◆ TASK INSTRUCTIONS
Establish how many lines in the entries hold the string "blocks". The number by itself is the whole answer.

[Collected data entries]
[Start of section]

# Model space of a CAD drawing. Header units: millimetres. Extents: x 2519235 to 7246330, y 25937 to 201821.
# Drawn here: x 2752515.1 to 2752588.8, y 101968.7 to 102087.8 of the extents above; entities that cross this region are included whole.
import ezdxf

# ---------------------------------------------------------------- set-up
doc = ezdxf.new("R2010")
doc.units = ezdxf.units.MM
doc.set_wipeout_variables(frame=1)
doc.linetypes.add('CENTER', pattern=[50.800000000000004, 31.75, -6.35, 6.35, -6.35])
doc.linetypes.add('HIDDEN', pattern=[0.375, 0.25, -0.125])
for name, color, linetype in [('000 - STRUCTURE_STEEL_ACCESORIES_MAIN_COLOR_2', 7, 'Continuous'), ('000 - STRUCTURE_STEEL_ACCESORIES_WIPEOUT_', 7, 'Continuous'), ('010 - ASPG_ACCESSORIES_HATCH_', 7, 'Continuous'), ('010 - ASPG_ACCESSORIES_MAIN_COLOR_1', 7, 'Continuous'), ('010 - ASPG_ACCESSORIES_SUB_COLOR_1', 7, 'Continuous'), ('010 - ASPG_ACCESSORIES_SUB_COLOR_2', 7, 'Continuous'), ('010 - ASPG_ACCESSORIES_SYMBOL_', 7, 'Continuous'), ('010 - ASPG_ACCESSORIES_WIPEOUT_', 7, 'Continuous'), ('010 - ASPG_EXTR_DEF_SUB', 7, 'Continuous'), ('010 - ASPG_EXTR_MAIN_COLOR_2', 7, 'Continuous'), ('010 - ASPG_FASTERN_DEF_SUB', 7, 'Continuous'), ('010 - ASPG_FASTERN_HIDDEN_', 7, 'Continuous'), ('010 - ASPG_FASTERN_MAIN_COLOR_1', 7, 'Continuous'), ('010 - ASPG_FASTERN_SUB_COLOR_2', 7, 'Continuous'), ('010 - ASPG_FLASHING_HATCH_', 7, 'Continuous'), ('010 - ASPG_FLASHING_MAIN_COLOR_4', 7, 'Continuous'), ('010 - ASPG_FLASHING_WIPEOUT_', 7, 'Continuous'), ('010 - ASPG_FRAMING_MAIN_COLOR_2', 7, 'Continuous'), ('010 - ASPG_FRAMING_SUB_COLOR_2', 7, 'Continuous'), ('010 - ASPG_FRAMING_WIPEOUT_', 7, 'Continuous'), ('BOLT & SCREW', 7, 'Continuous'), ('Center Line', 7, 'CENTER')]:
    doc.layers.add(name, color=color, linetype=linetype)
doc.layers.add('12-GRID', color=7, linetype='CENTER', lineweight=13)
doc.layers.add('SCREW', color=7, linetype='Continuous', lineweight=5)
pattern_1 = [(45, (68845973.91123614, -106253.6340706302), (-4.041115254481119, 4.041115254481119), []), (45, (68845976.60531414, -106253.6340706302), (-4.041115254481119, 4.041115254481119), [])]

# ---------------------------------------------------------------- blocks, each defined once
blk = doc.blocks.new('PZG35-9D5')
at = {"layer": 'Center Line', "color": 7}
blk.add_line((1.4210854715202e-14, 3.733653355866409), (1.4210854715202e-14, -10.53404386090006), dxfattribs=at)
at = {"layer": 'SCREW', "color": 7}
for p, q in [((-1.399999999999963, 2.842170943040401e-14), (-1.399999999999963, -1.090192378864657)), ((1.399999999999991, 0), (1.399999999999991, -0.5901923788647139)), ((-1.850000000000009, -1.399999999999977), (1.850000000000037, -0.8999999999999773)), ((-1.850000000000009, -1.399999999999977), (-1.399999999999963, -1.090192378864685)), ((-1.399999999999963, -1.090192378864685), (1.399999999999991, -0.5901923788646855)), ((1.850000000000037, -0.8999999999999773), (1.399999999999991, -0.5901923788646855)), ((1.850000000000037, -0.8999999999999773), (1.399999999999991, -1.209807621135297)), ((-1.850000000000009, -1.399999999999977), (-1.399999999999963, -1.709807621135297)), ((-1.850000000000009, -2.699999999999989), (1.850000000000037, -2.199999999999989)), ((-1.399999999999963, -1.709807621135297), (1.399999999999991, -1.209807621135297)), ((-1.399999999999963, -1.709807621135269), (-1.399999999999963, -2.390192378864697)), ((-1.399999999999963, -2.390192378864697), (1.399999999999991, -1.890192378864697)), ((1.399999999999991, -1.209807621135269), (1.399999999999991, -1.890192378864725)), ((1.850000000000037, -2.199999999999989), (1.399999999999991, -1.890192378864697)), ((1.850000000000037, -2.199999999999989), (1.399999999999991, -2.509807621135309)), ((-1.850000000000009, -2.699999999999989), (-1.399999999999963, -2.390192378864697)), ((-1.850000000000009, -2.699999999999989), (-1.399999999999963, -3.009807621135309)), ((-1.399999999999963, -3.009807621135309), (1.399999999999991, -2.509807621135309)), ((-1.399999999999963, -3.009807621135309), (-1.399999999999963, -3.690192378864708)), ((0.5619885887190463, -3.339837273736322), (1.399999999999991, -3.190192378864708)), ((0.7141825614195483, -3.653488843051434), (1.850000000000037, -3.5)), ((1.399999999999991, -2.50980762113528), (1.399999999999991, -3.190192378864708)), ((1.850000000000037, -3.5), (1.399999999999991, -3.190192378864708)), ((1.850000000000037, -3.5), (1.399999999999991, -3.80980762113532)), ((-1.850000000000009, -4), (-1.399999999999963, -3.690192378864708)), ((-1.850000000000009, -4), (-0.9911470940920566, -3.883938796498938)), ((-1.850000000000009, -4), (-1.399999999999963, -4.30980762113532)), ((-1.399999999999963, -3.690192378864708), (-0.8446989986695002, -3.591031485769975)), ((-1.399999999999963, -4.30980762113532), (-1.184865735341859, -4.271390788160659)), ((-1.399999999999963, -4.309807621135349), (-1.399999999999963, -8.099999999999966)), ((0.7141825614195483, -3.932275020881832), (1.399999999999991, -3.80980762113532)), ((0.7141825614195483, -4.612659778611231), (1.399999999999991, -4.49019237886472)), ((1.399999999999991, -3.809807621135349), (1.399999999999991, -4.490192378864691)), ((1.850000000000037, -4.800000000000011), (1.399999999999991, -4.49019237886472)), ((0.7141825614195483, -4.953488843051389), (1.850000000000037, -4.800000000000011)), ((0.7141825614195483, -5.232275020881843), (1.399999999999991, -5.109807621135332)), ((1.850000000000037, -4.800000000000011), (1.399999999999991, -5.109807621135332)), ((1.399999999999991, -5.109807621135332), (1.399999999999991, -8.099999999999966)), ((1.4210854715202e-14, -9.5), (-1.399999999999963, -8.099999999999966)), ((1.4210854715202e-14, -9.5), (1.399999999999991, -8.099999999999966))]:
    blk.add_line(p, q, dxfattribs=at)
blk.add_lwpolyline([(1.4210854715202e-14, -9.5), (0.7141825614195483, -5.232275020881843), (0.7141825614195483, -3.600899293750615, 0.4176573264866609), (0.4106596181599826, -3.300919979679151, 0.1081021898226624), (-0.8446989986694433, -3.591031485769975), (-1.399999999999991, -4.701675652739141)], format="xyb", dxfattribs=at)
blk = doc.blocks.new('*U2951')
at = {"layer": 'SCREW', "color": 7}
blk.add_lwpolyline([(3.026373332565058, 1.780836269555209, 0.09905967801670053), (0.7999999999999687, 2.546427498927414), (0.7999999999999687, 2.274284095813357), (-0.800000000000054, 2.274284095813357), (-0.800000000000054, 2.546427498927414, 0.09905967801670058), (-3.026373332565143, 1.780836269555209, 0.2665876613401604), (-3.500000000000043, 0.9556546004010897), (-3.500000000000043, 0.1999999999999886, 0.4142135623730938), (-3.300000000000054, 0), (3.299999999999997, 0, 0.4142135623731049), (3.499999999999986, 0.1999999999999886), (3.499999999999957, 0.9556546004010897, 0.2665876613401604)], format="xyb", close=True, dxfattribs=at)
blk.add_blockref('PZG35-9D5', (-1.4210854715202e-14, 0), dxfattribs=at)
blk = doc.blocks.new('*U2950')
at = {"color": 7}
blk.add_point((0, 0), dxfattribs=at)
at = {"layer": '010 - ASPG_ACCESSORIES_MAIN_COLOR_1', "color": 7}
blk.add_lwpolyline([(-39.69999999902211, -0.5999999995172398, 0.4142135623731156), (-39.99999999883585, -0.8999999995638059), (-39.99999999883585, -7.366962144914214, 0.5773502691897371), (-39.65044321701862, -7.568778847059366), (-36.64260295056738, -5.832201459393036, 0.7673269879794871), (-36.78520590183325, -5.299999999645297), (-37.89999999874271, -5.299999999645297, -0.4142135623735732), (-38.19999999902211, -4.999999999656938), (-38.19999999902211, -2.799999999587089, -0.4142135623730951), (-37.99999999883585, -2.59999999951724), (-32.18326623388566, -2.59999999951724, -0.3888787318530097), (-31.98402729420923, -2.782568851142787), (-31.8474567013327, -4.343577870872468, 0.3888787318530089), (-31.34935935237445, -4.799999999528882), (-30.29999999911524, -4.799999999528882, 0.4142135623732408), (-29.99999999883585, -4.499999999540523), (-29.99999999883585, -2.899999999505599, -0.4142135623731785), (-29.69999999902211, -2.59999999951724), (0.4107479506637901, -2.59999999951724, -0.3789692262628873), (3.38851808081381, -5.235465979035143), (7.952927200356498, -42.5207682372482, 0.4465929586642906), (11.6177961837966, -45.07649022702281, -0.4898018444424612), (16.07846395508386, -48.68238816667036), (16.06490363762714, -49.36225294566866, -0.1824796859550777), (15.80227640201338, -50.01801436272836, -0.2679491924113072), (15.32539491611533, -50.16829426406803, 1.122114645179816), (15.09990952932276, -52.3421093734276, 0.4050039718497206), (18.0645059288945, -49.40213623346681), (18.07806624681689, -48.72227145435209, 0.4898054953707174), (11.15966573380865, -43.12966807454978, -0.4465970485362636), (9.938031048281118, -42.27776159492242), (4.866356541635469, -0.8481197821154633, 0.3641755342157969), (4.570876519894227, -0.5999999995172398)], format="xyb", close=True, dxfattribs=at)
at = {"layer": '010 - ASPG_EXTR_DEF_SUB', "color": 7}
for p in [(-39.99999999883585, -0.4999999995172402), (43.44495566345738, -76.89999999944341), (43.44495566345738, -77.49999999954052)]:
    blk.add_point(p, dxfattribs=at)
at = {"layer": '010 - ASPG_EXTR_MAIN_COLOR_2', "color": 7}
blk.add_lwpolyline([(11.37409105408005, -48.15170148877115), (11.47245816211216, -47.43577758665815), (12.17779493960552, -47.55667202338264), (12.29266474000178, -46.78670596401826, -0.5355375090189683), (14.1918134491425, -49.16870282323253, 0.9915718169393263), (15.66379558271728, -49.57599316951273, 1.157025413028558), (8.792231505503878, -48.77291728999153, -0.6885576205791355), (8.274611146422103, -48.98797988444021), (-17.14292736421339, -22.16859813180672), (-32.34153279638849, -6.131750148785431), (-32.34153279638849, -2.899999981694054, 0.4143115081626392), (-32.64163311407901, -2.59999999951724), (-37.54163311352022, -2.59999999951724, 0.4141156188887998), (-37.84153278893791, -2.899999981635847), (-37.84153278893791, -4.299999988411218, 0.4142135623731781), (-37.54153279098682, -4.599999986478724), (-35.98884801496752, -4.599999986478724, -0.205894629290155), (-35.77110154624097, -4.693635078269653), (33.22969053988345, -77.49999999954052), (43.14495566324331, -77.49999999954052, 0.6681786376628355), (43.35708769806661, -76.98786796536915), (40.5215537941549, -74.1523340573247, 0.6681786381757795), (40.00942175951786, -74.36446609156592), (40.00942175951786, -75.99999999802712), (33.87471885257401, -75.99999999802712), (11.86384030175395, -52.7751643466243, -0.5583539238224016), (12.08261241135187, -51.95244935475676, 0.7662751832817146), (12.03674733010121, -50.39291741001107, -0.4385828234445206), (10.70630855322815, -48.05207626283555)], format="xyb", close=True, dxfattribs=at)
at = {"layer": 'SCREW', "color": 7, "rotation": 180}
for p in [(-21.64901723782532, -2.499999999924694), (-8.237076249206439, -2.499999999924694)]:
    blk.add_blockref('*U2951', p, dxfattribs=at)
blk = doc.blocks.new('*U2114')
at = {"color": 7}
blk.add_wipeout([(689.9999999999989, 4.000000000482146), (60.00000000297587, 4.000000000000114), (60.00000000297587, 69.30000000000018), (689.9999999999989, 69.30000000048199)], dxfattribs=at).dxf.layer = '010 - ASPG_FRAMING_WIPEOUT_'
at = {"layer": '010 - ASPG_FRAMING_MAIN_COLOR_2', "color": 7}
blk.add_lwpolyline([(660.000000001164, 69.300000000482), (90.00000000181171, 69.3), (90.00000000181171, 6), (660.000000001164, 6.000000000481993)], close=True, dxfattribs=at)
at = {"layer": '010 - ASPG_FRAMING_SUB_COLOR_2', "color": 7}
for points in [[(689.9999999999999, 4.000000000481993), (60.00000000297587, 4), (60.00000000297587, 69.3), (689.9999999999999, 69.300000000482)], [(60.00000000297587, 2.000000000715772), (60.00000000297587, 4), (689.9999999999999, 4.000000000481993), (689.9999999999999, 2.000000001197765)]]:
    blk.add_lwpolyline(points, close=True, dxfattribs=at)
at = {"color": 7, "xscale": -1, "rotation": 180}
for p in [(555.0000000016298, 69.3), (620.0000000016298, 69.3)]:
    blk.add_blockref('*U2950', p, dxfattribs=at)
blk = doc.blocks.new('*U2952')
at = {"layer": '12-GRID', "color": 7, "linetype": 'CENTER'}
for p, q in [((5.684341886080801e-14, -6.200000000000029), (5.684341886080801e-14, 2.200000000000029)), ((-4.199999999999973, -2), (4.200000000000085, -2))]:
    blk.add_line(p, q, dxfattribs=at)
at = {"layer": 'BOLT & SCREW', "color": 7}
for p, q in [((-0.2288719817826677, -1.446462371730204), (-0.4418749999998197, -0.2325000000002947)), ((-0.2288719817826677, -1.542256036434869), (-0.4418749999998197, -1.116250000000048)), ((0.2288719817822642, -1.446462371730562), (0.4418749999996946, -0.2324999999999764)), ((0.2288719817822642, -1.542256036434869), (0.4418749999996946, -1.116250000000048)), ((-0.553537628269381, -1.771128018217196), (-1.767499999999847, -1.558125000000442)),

[End of section]

◆ REPLY TO THE EXERCISE
6